### Exercise directions
Look through the listing below, find every line with the string "Przeplyw", and copy it.

### Task input
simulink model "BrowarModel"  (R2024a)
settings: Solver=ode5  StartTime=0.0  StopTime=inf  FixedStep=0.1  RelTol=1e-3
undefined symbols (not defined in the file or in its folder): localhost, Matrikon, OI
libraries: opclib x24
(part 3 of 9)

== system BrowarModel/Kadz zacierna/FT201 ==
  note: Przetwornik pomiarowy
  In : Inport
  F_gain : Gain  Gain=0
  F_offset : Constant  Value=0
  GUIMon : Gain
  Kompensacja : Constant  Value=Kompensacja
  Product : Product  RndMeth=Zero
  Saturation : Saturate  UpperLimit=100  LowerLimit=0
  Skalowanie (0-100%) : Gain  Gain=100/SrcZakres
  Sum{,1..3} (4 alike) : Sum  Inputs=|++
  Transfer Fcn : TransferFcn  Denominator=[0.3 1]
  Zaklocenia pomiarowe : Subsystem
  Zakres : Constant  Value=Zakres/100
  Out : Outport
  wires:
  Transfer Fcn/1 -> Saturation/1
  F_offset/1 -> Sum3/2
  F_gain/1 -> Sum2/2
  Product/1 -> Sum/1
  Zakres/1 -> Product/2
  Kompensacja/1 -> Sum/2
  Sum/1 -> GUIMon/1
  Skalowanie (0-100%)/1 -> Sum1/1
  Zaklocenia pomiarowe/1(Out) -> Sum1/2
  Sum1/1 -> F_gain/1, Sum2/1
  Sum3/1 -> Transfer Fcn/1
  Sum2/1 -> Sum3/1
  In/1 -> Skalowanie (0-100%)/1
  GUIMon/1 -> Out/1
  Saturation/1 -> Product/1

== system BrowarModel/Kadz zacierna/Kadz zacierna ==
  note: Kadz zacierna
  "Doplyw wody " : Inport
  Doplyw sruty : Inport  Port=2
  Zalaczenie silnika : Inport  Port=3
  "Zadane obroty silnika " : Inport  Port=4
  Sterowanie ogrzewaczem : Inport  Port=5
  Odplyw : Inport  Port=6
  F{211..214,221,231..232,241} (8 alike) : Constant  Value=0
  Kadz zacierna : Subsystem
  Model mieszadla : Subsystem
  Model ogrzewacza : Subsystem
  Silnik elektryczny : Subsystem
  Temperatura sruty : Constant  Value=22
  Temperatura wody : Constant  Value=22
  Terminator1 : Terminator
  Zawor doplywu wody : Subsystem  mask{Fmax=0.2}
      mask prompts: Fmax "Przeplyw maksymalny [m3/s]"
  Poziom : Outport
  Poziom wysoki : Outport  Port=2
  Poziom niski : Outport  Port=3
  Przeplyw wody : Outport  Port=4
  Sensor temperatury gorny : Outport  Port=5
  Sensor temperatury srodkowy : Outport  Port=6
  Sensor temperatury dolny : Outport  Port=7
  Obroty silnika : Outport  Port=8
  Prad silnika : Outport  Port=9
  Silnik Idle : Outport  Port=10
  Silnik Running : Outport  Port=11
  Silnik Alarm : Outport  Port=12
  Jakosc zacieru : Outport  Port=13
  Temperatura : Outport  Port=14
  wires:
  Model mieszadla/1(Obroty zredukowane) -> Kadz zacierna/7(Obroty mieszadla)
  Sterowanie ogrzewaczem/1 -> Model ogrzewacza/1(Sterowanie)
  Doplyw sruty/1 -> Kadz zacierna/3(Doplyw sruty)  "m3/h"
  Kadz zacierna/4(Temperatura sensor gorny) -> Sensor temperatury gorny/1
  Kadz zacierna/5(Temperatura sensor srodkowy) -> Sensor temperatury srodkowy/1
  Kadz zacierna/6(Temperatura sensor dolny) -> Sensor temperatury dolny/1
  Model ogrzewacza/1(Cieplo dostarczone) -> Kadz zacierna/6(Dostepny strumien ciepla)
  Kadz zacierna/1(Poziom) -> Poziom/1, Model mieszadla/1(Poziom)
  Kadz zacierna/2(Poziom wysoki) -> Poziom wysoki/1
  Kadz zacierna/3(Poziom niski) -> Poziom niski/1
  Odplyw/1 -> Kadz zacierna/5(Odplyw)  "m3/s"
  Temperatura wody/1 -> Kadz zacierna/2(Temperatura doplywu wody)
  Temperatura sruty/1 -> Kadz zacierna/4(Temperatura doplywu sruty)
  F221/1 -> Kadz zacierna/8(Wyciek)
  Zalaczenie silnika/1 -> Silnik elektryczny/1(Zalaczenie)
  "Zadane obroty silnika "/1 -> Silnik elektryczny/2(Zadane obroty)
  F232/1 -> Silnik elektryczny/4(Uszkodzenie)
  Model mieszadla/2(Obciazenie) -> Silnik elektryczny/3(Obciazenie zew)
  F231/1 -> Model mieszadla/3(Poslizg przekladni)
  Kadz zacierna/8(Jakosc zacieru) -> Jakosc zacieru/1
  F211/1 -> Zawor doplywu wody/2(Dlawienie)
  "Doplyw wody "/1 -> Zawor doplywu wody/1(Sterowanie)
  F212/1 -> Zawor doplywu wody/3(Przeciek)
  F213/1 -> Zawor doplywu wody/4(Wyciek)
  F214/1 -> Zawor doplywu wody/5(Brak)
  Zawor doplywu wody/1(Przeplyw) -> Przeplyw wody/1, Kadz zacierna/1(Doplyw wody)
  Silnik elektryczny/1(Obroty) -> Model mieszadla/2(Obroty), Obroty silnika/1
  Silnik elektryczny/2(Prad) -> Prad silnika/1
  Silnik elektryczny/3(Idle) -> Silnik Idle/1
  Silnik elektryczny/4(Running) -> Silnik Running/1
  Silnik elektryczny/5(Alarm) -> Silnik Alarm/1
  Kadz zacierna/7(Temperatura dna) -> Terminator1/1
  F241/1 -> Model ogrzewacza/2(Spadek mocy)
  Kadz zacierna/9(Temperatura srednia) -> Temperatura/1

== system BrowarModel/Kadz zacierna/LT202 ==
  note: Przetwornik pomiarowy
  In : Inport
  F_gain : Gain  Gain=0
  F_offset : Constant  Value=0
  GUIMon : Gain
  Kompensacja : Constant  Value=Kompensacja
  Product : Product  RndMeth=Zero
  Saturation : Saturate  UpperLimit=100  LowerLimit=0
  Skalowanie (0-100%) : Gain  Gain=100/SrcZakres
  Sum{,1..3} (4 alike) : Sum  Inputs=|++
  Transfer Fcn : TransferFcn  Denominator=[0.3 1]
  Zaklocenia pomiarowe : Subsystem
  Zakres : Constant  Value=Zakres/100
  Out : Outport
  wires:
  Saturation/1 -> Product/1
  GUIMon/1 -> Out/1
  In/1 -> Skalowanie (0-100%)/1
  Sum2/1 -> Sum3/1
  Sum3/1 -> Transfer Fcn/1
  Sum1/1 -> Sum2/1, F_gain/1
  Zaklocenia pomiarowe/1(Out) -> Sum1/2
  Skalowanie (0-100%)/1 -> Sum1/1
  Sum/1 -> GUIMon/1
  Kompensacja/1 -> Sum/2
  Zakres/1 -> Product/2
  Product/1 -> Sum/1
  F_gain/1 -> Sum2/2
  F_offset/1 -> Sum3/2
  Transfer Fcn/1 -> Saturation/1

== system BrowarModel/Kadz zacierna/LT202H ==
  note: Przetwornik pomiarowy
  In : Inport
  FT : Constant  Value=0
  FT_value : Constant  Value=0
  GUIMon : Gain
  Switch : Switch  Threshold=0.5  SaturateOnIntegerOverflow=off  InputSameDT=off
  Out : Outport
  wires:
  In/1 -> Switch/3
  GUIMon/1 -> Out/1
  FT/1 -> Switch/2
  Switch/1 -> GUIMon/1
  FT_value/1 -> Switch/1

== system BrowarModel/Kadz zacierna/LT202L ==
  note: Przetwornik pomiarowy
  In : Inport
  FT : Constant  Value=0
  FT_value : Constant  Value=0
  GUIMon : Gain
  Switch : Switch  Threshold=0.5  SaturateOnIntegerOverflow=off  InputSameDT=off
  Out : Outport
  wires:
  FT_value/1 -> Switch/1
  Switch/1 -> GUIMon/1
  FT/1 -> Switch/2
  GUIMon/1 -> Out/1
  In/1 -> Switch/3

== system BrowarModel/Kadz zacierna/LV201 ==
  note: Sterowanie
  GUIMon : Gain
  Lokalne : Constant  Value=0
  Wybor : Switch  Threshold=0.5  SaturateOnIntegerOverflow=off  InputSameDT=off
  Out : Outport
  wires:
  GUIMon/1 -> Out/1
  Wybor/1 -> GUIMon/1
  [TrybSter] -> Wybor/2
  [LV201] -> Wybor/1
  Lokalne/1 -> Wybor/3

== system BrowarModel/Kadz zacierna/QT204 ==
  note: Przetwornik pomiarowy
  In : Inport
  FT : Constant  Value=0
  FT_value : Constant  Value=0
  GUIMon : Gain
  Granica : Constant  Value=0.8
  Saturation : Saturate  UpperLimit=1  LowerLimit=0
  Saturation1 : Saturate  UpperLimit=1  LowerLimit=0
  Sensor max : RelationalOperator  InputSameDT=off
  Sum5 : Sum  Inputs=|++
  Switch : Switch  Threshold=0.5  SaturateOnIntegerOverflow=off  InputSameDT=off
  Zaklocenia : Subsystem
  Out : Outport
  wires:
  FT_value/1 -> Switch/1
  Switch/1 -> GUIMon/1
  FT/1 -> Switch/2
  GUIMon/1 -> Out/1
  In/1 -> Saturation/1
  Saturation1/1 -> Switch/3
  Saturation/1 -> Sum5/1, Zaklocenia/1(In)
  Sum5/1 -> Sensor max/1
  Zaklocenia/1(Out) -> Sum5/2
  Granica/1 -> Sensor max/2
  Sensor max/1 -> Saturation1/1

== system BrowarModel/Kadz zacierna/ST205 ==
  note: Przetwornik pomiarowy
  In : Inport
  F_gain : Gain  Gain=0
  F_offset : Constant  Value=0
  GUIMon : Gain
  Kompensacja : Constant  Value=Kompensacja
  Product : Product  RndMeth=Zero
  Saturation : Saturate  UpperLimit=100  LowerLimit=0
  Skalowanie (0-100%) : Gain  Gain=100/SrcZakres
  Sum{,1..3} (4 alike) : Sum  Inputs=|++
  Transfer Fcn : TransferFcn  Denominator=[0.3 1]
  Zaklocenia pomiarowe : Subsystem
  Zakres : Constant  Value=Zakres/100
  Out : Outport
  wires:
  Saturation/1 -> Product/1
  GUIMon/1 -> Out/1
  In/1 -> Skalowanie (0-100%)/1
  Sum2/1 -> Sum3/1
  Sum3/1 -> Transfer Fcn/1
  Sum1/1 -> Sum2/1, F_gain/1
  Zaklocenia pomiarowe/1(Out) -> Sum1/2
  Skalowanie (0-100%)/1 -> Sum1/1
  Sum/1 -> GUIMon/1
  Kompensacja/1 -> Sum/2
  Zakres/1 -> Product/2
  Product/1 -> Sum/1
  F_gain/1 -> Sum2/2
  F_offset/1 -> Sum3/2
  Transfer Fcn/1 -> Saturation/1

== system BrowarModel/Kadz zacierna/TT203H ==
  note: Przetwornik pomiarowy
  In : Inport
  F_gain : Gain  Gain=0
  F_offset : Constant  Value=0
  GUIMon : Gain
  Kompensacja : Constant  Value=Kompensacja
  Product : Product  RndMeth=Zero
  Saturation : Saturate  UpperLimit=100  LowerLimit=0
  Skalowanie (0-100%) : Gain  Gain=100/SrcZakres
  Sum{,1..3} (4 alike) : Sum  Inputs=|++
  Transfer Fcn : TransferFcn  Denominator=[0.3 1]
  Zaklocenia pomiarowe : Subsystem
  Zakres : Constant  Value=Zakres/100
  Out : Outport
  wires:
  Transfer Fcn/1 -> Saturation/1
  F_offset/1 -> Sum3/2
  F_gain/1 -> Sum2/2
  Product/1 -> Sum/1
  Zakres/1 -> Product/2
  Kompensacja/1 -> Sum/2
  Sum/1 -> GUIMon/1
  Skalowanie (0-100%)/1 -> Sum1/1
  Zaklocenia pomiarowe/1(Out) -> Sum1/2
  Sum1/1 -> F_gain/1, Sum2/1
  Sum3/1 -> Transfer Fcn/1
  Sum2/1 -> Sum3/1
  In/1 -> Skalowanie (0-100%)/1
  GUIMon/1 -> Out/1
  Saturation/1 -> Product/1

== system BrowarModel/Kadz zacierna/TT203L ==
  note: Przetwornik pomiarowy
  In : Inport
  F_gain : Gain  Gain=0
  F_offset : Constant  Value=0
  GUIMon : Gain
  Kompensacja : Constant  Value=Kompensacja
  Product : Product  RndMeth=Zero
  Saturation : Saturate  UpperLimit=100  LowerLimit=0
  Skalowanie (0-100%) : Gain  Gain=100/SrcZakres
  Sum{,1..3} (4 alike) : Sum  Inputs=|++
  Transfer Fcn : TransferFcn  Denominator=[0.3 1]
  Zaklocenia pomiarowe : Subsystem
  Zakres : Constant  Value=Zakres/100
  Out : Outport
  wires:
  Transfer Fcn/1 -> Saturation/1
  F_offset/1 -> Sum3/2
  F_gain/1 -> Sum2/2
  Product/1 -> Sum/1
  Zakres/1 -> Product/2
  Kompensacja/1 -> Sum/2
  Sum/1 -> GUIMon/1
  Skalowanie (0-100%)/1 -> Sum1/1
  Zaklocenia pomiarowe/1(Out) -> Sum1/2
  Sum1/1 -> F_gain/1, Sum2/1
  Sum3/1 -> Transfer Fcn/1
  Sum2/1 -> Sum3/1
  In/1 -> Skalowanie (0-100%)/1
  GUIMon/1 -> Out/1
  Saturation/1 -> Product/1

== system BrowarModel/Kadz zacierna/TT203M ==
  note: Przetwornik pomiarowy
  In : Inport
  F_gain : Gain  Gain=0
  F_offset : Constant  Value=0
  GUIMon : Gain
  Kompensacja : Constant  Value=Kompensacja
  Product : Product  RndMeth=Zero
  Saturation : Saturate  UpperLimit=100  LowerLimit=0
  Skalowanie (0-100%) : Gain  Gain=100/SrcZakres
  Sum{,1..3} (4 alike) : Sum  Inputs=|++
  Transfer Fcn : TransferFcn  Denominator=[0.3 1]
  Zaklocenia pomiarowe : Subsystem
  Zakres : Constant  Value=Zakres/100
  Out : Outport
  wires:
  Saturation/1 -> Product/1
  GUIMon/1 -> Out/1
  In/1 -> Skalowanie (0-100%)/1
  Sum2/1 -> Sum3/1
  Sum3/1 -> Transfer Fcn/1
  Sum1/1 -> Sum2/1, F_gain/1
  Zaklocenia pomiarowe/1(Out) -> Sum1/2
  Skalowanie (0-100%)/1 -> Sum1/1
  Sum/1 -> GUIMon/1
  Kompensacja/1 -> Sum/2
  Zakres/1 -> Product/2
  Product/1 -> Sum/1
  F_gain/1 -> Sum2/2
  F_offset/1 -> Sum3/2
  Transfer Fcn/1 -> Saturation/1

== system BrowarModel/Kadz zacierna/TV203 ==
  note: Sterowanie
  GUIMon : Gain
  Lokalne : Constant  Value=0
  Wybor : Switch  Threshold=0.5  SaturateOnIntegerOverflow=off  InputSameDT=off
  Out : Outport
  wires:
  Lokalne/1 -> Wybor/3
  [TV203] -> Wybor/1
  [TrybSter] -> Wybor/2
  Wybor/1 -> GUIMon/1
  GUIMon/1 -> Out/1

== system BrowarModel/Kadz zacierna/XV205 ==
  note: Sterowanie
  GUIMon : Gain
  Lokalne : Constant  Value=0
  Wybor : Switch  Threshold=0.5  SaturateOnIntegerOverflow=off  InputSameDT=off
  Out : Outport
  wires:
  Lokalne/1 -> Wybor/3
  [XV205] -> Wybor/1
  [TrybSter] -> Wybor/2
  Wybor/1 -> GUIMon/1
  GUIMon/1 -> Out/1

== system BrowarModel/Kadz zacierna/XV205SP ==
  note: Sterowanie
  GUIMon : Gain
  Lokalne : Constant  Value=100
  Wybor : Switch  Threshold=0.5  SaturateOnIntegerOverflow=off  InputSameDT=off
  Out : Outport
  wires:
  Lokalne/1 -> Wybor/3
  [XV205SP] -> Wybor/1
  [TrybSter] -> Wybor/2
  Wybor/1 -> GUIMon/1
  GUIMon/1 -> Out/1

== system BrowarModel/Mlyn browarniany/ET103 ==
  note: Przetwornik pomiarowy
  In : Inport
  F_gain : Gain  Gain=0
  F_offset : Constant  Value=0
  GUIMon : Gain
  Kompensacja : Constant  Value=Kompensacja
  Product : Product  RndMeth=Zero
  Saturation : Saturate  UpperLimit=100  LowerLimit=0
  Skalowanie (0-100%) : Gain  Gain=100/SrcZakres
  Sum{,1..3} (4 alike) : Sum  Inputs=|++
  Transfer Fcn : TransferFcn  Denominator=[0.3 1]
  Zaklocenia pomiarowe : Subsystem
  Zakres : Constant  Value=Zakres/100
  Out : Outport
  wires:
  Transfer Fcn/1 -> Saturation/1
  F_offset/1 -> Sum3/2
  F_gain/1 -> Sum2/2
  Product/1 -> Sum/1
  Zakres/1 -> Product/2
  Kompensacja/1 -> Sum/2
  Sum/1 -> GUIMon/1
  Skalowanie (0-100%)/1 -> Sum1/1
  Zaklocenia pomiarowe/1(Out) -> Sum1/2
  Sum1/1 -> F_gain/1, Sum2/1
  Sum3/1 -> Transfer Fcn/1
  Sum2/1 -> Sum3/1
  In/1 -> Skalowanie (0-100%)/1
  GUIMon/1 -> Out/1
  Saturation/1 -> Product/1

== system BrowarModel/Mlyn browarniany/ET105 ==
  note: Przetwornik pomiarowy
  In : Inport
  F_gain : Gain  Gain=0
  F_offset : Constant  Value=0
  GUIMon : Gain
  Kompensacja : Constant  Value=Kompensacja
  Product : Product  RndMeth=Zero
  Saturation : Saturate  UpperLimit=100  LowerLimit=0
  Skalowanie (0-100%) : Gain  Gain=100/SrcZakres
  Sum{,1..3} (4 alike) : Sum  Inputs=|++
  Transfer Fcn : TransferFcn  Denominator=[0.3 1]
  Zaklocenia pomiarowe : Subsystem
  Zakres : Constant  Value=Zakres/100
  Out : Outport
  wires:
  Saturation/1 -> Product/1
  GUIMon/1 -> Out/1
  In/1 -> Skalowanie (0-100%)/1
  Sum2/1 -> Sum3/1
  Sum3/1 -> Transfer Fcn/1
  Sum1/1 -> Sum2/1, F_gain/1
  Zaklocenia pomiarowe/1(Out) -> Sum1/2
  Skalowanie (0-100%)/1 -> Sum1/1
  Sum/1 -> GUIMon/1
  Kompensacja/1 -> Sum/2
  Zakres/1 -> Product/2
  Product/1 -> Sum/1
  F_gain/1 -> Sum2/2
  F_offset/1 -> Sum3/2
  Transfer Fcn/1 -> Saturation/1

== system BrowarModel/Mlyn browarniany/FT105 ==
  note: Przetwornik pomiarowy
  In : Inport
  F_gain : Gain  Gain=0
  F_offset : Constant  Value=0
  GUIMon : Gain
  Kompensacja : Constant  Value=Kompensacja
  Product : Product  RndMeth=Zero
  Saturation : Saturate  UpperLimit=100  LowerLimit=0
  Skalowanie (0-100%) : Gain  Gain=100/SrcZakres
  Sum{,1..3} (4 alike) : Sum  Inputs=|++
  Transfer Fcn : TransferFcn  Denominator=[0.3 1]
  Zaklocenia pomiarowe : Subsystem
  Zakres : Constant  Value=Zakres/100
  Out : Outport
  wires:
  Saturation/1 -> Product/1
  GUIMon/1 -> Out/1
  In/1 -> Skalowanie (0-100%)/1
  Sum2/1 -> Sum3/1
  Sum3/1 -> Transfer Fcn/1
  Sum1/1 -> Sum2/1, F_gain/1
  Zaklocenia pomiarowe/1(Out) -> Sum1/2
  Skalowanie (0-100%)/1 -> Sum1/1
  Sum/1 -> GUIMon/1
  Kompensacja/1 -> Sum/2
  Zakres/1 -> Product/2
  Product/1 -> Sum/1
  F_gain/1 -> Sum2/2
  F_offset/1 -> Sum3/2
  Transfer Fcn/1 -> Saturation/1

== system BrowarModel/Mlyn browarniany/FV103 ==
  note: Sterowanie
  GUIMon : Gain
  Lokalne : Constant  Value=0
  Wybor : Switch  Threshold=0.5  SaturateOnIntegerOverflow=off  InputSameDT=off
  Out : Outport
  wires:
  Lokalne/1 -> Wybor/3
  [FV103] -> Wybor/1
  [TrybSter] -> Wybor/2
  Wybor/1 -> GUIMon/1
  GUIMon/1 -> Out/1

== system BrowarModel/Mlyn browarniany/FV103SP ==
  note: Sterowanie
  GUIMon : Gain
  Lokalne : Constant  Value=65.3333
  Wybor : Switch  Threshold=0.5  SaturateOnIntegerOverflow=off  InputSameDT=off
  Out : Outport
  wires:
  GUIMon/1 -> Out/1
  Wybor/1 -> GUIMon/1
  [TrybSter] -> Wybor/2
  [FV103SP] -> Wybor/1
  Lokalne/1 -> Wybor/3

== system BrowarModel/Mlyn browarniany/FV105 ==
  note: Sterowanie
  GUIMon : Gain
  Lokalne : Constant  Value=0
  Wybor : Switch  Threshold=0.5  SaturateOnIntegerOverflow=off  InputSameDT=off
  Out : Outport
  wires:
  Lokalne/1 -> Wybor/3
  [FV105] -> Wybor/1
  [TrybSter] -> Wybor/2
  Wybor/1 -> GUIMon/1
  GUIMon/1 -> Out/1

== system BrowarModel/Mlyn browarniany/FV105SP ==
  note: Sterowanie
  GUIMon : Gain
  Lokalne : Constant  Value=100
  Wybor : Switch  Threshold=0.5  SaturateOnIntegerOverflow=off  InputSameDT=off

### Solution to this task
      mask prompts: Fmax "Przeplyw maksymalny [m3/s]"
  Przeplyw wody : Outport  Port=4
  Zawor doplywu wody/1(Przeplyw) -> Przeplyw wody/1, Kadz zacierna/1(Doplyw wody)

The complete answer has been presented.